------ Excerpted data ------

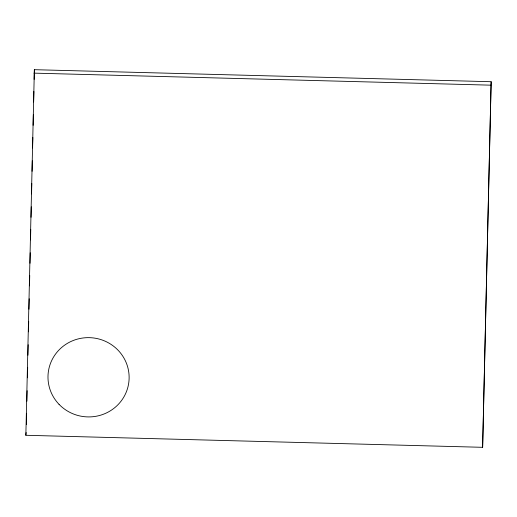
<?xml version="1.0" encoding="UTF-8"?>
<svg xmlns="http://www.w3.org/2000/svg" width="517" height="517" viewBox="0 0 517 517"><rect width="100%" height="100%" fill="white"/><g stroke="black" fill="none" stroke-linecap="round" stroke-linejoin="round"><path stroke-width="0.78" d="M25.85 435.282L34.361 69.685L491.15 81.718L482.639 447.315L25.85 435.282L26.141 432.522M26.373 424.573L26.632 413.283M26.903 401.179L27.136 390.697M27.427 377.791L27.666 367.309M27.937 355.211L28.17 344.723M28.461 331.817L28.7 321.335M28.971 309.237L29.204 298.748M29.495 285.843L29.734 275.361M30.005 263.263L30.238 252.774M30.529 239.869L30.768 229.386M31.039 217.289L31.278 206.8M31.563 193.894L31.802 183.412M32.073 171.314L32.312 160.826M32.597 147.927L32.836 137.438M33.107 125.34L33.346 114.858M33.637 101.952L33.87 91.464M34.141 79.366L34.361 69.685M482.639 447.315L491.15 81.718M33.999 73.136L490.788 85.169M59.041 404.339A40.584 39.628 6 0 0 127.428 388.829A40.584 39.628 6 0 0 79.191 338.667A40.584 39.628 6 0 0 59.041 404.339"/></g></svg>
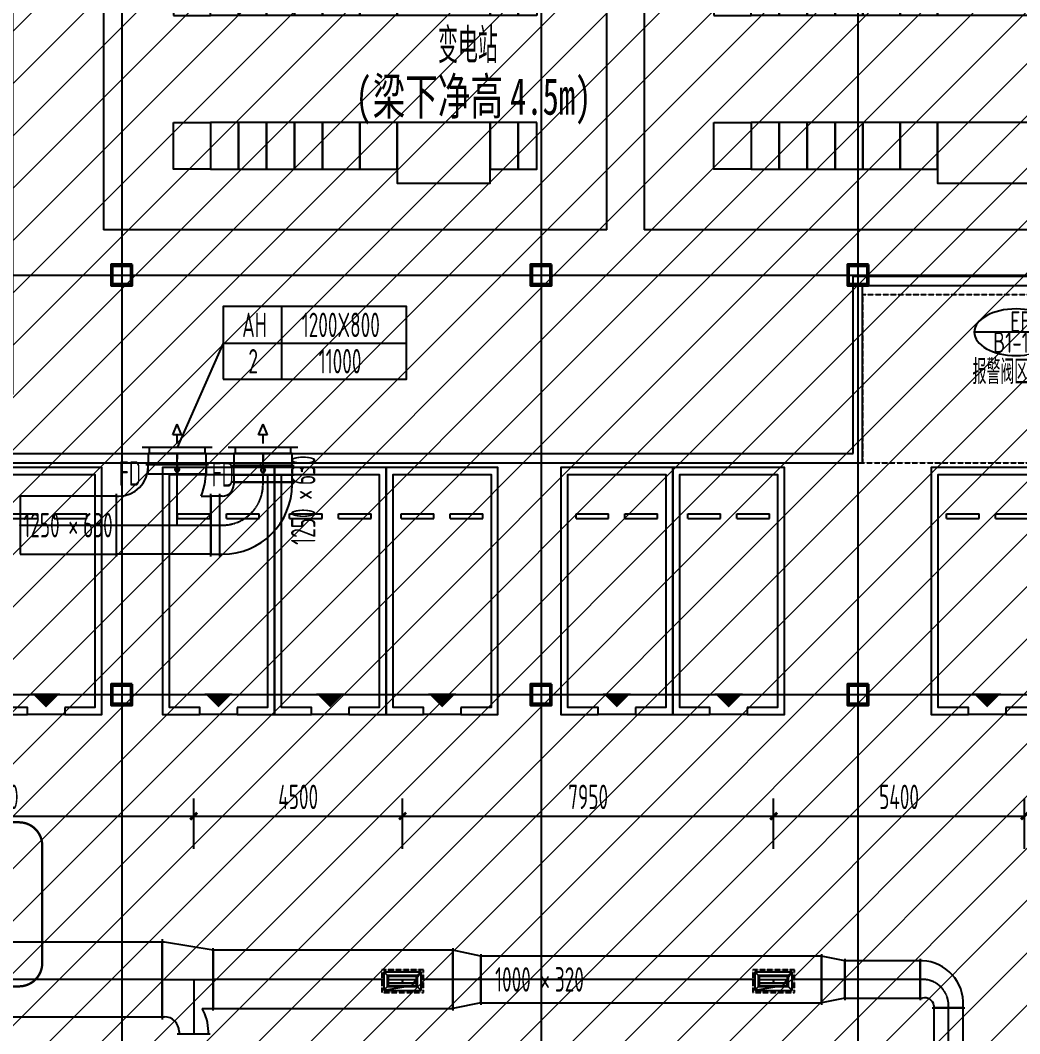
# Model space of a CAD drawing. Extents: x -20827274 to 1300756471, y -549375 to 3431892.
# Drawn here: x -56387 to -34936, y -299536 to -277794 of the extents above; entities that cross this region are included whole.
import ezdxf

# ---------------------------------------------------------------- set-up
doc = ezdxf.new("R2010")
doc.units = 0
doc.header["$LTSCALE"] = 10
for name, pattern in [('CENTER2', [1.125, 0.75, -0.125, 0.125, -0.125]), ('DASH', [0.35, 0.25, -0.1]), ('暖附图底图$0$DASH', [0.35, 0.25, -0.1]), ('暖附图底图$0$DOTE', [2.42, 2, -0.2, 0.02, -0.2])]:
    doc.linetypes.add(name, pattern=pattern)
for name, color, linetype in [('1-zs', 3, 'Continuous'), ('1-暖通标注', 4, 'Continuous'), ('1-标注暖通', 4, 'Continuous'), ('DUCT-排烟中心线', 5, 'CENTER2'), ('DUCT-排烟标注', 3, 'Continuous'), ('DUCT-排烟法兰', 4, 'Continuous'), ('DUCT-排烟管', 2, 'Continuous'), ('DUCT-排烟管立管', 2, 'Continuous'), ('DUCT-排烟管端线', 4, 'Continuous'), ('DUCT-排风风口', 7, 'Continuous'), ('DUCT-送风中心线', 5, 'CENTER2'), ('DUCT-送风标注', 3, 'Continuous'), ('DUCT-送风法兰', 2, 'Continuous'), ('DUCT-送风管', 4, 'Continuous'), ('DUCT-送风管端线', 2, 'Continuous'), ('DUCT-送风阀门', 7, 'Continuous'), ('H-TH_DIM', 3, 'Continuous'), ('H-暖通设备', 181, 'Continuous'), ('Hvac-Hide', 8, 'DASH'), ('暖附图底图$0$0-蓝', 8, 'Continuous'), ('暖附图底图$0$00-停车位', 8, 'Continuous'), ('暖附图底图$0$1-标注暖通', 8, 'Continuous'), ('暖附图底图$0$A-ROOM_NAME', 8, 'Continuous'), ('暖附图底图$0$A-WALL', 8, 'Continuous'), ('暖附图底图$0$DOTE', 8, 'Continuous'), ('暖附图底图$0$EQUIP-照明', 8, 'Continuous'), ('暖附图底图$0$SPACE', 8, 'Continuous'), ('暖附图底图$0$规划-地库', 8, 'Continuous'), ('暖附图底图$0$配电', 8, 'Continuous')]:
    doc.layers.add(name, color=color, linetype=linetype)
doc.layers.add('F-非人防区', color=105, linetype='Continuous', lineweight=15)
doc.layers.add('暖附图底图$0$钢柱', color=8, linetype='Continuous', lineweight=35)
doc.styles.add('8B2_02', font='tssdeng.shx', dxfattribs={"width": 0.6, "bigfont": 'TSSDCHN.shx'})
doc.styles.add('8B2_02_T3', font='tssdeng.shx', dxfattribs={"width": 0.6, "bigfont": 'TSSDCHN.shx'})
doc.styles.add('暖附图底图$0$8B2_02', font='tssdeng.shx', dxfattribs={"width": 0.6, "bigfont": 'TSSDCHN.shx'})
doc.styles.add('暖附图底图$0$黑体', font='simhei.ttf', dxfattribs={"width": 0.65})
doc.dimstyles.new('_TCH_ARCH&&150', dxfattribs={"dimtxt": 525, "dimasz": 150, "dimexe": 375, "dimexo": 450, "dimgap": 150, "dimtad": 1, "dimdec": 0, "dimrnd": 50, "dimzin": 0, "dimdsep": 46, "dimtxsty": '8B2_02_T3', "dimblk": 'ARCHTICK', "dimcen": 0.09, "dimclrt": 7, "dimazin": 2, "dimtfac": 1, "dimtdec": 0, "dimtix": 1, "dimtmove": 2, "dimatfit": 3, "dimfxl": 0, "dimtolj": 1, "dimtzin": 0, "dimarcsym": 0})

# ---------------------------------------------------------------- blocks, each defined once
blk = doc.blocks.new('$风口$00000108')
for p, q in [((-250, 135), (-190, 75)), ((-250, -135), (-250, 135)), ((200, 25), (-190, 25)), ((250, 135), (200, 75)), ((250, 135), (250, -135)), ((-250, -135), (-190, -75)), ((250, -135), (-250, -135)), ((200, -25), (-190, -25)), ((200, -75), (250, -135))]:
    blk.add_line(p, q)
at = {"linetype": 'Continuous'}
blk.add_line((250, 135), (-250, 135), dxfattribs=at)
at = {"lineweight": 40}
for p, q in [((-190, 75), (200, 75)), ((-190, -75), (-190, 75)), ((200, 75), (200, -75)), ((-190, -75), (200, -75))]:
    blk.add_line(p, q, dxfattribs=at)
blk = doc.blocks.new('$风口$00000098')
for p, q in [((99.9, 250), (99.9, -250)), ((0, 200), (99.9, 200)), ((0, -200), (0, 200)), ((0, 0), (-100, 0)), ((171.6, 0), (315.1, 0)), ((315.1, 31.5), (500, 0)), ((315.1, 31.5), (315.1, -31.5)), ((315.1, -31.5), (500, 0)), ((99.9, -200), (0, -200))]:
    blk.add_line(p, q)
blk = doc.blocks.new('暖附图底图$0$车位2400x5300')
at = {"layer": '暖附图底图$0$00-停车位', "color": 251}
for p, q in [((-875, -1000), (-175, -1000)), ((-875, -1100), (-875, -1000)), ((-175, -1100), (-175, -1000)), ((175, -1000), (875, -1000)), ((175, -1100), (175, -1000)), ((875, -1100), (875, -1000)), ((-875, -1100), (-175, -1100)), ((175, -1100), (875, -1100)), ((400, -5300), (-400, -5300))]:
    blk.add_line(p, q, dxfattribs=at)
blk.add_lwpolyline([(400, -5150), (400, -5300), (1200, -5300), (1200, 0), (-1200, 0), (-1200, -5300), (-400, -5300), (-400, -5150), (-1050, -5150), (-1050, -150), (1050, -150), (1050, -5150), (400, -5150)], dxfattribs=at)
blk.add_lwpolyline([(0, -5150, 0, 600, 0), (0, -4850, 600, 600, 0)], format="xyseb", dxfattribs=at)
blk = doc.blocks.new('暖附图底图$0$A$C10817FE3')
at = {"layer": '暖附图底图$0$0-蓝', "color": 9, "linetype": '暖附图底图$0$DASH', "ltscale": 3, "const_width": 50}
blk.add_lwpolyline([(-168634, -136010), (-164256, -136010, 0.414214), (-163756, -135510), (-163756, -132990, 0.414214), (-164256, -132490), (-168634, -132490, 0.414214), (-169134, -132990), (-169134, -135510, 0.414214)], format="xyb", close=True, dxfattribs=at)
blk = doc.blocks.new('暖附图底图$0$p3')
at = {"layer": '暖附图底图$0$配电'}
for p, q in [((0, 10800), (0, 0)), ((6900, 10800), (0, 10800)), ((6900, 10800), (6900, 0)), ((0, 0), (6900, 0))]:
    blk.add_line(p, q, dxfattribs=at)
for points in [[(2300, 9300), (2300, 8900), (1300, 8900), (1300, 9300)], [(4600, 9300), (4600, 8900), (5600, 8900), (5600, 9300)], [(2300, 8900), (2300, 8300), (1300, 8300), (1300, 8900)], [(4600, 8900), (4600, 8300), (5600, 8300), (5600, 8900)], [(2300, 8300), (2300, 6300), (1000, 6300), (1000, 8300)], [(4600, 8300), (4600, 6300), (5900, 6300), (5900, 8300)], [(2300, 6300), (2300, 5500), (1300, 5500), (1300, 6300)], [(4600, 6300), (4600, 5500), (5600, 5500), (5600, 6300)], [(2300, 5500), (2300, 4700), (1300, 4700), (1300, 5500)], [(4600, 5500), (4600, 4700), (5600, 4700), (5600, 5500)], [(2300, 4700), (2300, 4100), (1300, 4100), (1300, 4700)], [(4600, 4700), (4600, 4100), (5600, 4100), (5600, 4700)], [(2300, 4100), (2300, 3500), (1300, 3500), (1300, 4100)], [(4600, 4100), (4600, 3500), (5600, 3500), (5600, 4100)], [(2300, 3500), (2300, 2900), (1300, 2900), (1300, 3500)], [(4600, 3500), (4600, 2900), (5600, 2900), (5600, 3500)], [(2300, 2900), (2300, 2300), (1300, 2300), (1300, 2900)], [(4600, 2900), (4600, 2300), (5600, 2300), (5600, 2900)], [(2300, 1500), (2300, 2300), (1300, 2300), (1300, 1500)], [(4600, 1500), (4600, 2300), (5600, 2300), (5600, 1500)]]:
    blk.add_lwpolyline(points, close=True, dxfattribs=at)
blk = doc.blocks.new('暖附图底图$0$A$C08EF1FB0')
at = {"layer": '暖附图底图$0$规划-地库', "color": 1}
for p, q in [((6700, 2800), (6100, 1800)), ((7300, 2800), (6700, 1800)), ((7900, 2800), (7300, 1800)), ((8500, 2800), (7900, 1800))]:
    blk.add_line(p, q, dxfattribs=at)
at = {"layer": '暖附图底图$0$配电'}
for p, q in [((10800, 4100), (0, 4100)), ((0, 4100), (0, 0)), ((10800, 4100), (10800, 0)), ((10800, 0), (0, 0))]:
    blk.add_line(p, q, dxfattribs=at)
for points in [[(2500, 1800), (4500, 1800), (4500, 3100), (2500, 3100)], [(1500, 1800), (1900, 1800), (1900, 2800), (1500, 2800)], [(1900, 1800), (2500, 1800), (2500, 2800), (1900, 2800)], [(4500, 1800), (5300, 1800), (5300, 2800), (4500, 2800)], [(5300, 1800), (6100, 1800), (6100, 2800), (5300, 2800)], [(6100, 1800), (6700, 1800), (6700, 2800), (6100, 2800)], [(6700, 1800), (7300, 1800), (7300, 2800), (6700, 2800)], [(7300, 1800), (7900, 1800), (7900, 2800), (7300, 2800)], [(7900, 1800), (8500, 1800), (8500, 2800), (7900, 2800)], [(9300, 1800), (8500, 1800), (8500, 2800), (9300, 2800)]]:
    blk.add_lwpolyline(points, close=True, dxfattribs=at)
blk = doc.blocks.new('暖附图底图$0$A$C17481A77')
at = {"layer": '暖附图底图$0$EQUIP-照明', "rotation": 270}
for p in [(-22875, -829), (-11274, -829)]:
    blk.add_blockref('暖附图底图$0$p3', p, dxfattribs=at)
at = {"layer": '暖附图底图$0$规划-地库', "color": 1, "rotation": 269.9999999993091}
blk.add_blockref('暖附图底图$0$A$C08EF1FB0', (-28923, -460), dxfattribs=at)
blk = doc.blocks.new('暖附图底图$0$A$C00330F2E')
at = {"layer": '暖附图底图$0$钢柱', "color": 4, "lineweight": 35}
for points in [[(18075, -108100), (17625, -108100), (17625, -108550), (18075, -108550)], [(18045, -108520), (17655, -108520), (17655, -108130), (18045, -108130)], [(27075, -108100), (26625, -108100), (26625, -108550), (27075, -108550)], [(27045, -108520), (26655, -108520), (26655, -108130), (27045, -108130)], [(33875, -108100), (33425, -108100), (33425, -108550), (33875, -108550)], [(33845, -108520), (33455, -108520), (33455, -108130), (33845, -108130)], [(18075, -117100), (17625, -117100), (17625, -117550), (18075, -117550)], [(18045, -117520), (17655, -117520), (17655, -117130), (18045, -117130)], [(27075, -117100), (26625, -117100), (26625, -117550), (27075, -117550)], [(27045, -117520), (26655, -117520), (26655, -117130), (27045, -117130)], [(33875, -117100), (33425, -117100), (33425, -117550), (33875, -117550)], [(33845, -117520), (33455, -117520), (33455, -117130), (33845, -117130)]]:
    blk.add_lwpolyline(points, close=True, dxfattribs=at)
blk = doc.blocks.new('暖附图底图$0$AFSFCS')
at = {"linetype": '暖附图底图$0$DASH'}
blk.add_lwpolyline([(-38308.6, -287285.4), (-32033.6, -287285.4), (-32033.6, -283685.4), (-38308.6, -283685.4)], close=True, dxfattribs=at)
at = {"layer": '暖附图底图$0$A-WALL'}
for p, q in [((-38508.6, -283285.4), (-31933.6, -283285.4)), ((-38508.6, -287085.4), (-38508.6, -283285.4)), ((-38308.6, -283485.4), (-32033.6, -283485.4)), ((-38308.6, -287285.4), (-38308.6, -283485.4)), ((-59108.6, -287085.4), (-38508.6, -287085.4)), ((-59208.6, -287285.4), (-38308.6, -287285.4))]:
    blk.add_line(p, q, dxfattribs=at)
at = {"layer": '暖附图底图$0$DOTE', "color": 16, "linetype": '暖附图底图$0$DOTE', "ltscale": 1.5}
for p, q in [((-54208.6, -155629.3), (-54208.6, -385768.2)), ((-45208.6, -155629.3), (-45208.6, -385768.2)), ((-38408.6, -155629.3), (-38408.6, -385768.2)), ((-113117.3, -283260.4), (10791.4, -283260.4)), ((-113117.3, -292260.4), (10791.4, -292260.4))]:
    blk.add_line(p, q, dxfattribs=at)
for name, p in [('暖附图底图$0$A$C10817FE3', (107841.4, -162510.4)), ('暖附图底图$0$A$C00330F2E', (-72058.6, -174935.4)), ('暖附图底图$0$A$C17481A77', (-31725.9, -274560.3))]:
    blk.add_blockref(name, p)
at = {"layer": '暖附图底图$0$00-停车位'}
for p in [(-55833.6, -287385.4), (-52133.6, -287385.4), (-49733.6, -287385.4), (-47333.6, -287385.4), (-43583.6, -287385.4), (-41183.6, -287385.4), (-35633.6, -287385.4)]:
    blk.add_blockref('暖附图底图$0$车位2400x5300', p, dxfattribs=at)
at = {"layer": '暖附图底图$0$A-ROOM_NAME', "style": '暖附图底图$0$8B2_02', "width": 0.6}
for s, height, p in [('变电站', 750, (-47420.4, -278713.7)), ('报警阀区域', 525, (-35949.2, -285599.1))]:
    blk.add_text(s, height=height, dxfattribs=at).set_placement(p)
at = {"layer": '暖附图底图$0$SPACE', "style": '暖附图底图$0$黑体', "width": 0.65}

------

**Exercise instructions**
Give the number of lines in the records above that contain "TSSDCHN", with no other words.

**Solution to this exercise**
3